Мы не можем пока только утверждать, что всякому страданию соответствует процесс разрушения и притом интенсивность страдания пропорциональна силе этого процесса или этих процессов. Мы до сих пор и не имеем другого масштаба для измерения интенсивности высших чувствований, кроме органических процессов, им соответствующих, Чем выше развита духовная жизнь у человека, следовательно, чем интенсивнее у него все высшие чувствования, тем сильнее процессы разрушения, соответствующие его высшим страданиям; у мало развитого лица с весьма слабыми высшими чувствованиями, высшие страдания не сопровождаются заметными изменениями в организме.
Например, горячий патриот, узнав о поражении своего отечества, будет несколько дней дурно есть и спать, похудеет, лицо у него осунется, прибавится несколько седых волос; если он страдает хронической болезнью, то в течении болезни наступит ухудшение; гражданин с слабо развитыми патриотическими чувствованиями, как бы он ни кричал о своем огорчении от того же известия, будет прекрасно есть и спать, организм, его не пострадает и конечно всякий понимает, что страдание первого было гораздо интенсивнее, чем страдание (?) второго. Всякое истинное страдание непременно сопровождается процессами разрушения в организме, хотя мы не знаем, в чем именно состоят эти процессы; мы не допускаем страдания без соответствующего ему изменения в организме.

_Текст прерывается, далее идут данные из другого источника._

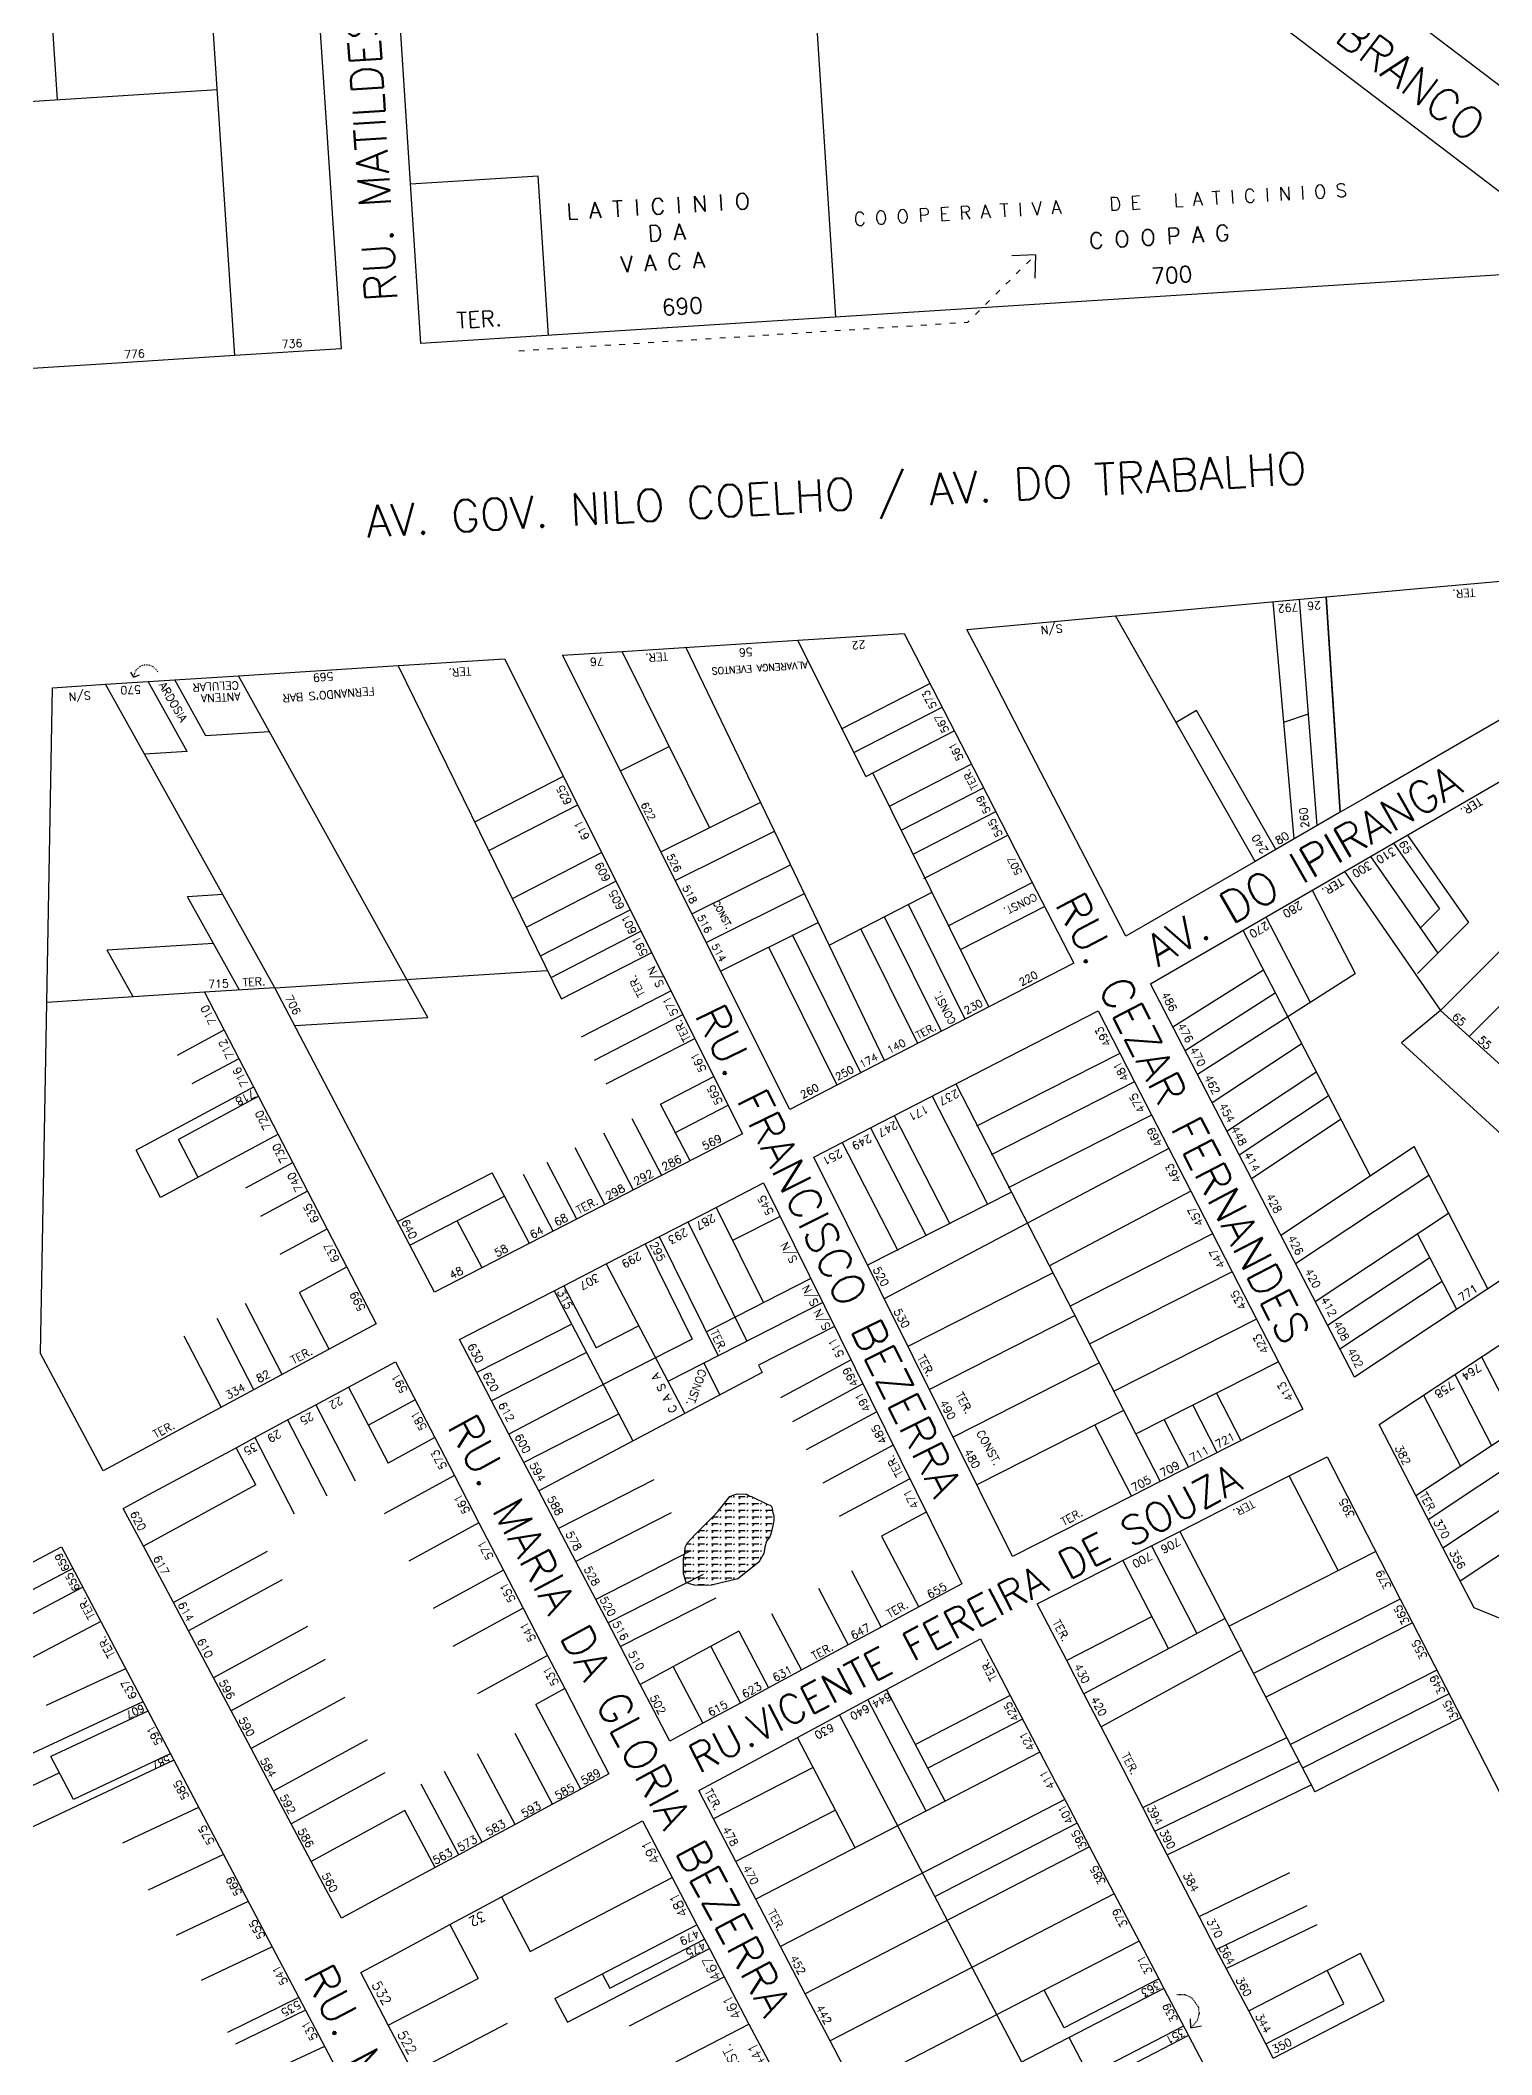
# Model space of a CAD drawing. Extents: x 714896 to 749292, y 8417558 to 8447149.
# Drawn here: x 737627.3 to 737899.5, y 8427545.5 to 8427923.2 of the extents above; entities that cross this region are included whole.
import ezdxf

# ---------------------------------------------------------------- set-up
doc = ezdxf.new("R2010")
doc.units = 0
doc.header["$MEASUREMENT"] = 0
doc.linetypes.add('ACAD_ISO03W100', pattern=[30, 12, -18])
for name, color, linetype in [('LOTE', 7, 'CONTINUOUS'), ('NUM-PORTA', 7, 'CONTINUOUS'), ('QUADRA', 6, 'CONTINUOUS'), ('REFERENCIA', 7, 'CONTINUOUS'), ('TEXTO', 7, 'CONTINUOUS'), ('TEXTODERUA', 3, 'CONTINUOUS')]:
    doc.layers.add(name, color=color, linetype=linetype)
doc.styles.add('ROMANS', font='ROMANS.SHX', dxfattribs={"height": 1.5})

msp = doc.modelspace()

# ---------------------------------------------------------------- hatches: boundary and pattern name
at = {"layer": 'REFERENCIA', "linetype": 'CONTINUOUS'}
h = msp.add_hatch(dxfattribs=at)
h.set_pattern_fill('FLEX', color=256, scale=0.2, style=0)
h.set_pattern_definition([(0, (0, 0), (0, 1.27), [1.27, -1.27]), (45, (1.27, 0), (9e-17, 1.27000054856), [0.3175, -1.161052, 0.3175, -1.796052])])
h.paths.add_polyline_path([(737763.52, 8427641.79), (737763.55, 8427641.87), (737764.15, 8427642.6), (737764.4, 8427643.32), (737764.58, 8427644.14), (737764.74, 8427645), (737764.88, 8427645.72), (737764.88, 8427646.59), (737764.72, 8427647.13), (737764.51, 8427648.22), (737764.16, 8427648.51), (737763.75, 8427648.65), (737760.67, 8427650.14), (737760.39, 8427650.22), (737759.78, 8427650.62), (737757.99, 8427650.68), (737757.27, 8427650.44), (737756.63, 8427650.14), (737754.43, 8427647.43), (737753.57, 8427646.47), (737750.02, 8427642.92), (737748.63, 8427641.4), (737748.23, 8427640.65), (737748.18, 8427639.66), (737747.95, 8427638.52), (737747.95, 8427637.35), (737747.95, 8427635.69), (737748.43, 8427634.07), (737749.04, 8427633.77), (737750, 8427633.53), (737751.19, 8427633.5), (737753.2, 8427633.56), (737758.11, 8427634.71), (737762.07, 8427637.83), (737763.01, 8427639.48), (737763.2, 8427640.65)])

# ---------------------------------------------------------------- linework, layer by layer
at = {"layer": 'LOTE', "color": 7}
for p, q in [((737766.06, 8427702.67), (737757.15, 8427698.13)), ((737771.82, 8427691.02), (737752.22, 8427681.03)), ((737774.04, 8427686.53), (737745.02, 8427671.75)), ((737726.97, 8427682.47), (737709.15, 8427673.39)), ((737739.56, 8427682.15), (737731.54, 8427678.06)), ((737776.26, 8427682.05), (737762, 8427674.79)), ((737729.76, 8427677.15), (737711.94, 8427668.07)), ((737749.55, 8427679.67), (737734.68, 8427672.09)), ((737762.69, 8427673.4, 1569.72), (737720.77, 8427651.25, 1569.08)), ((737734.68, 8427672.09), (737715.19, 8427661.87)), ((737697.61, 8427668.31), (737688.83, 8427663.53, 0.06)), ((737735.85, 8427665.67, 0.26), (737717.98, 8427656.56)), ((737701.29, 8427661.21), (737692.51, 8427656.42, 0.06)), ((737704.98, 8427654.1), (737691.8, 8427646.92, 1569.17)), ((737667.69, 8427652.36), (737646.62, 8427640.86)), ((737742.36, 8427653.27, 1569.34), (737724.49, 8427644.16, 1569.08)), ((737745.61, 8427647.07, 1569.34), (737727.74, 8427637.97, 1569.08)), ((737709.57, 8427645.22), (737696.4, 8427638.04, 1569.17)), ((737669.83, 8427639.84, -0.13), (737652.26, 8427630.27)), ((737749.33, 8427639.99, 1569.34), (737731.46, 8427630.88, 1569.08)), ((737877.8, 8427639.83), (737850.25, 8427625.86)), ((737714.17, 8427636.34, 1569.08), (737700.99, 8427629.18, 5312.41)), ((737751.65, 8427635.56, 1569.34), (737733.78, 8427626.45, 1569.08)), ((737672.65, 8427634.55, -0.13), (737655.09, 8427624.98)), ((737717.85, 8427629.23, 1569.08), (737704.67, 8427622.07, 5312.41)), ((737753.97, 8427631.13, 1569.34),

Если мы имеем полное право не верить словам матери, что она страдает от потери сына, если при этом в организме ее незаметно никаких изменений, если она с прежним аппетитом кушает, по прежнему крепко спит, то с таким-же правом мы должны не верить распространенному поэтами и проповедниками мнению о силе нравственных страданий. К сожалению, это мнение нужно считать одной из иллюзий, которыми люди себя утешают; непосредственное наблюдение учит, что все нравственные или высшие страдания играют в нашей жизни самую ничтожную роль! Это, конечно, грустно, но это безусловно верно; нам теперь смешна наивная гордость наших предков, твердо веривших, что земля — центр мира, создана для того, чтобы они на ней жили, что лошади созданы для того, чтобы люди на них ездили, и т. п.; также в будущем будет смешно наше убеждение, что духовные или высшие страдания занимают первое место в нашей жизни; мы научились лучше бороться с природой, чем наши предки, и вместе с тем поняли, какое скромное место мы занимаем; в будущем, конечно, высшие страдания будут иметь больше значения и люди будут правильнее оценивать свои низшие животные чувствования.
К сожалению, я не могу тут излагать происхождение этой иллюзии, ограничусь лишь наиболее убедительными доказательствами ее несостоятельности. Вообще принято думать, что люди „чахнут“, „вянут“, „погибают “ от разбитой любви, от неудовлетворенности их идеальных стремлений, „мучаются“ угрызениями совести и т. п. Научное наблюдение убедительно опровергает влияние страданий высшего порядка на организмы или, иначе говоря, значение их в сумме ваших страданий, и рассказы, например, о смерти под влиянием радости делаются все реже; еще характернее, как в этих рассказах — вообще мало вероятных — изменилось событие, радость по поводу которого вызвала смерть.
Современники Гомера, уверенные в том, что боги принимают живейшее участие в их делах, могли верить, что собака Улисса умерла от радости, увидев своего хозяина после продолжительного отсутствия. Современники Плутарха могли верить, что Поликрат умер от радости (то-есть наслаждения), вызванной выражениями признательности и уважения сограждан; теперь уже никто ни поверит, чтобы столь возвышенное наслаждение могло сопровождаться столь интенсивными изменениями организма, способными вызвать смерть. И вот Ferré63, чтобы привести пример смерти от радости не из столь отдаленного прошлого, должен был упомянуть о племяннице Лейбница, умершей от радости, получив наследство. Ferré не замечает, что радость племянницы Лейбница гораздо низменнее не только радости Поликрата, но и радости собаки Улисса. Действительно, в наше время, если и возможна смерть от радости, то от радости самой низменной; если племянница Лейбница действительно умерла, получив известие о наследстве, то это доказывает, что наслаждения, покупаемые за деньги — хорошая пища, богатая обстановка, отсутствие работы и. т. п. — столь интенсивны, что одно представление о грядущих наслаждениях связано с сильными чувствованиями. Только чувствования, сопряженные с восприятиями предметов, покупаемых за деньги, могут быть интенсивны, и потому органические процессы, им соответствующие, достигают значительной степени, и потому в действительности никто и никогда не умирал от чисто духовного, высокого наслаждения; собака Улисса, увы, идеал, недостижимый для людей.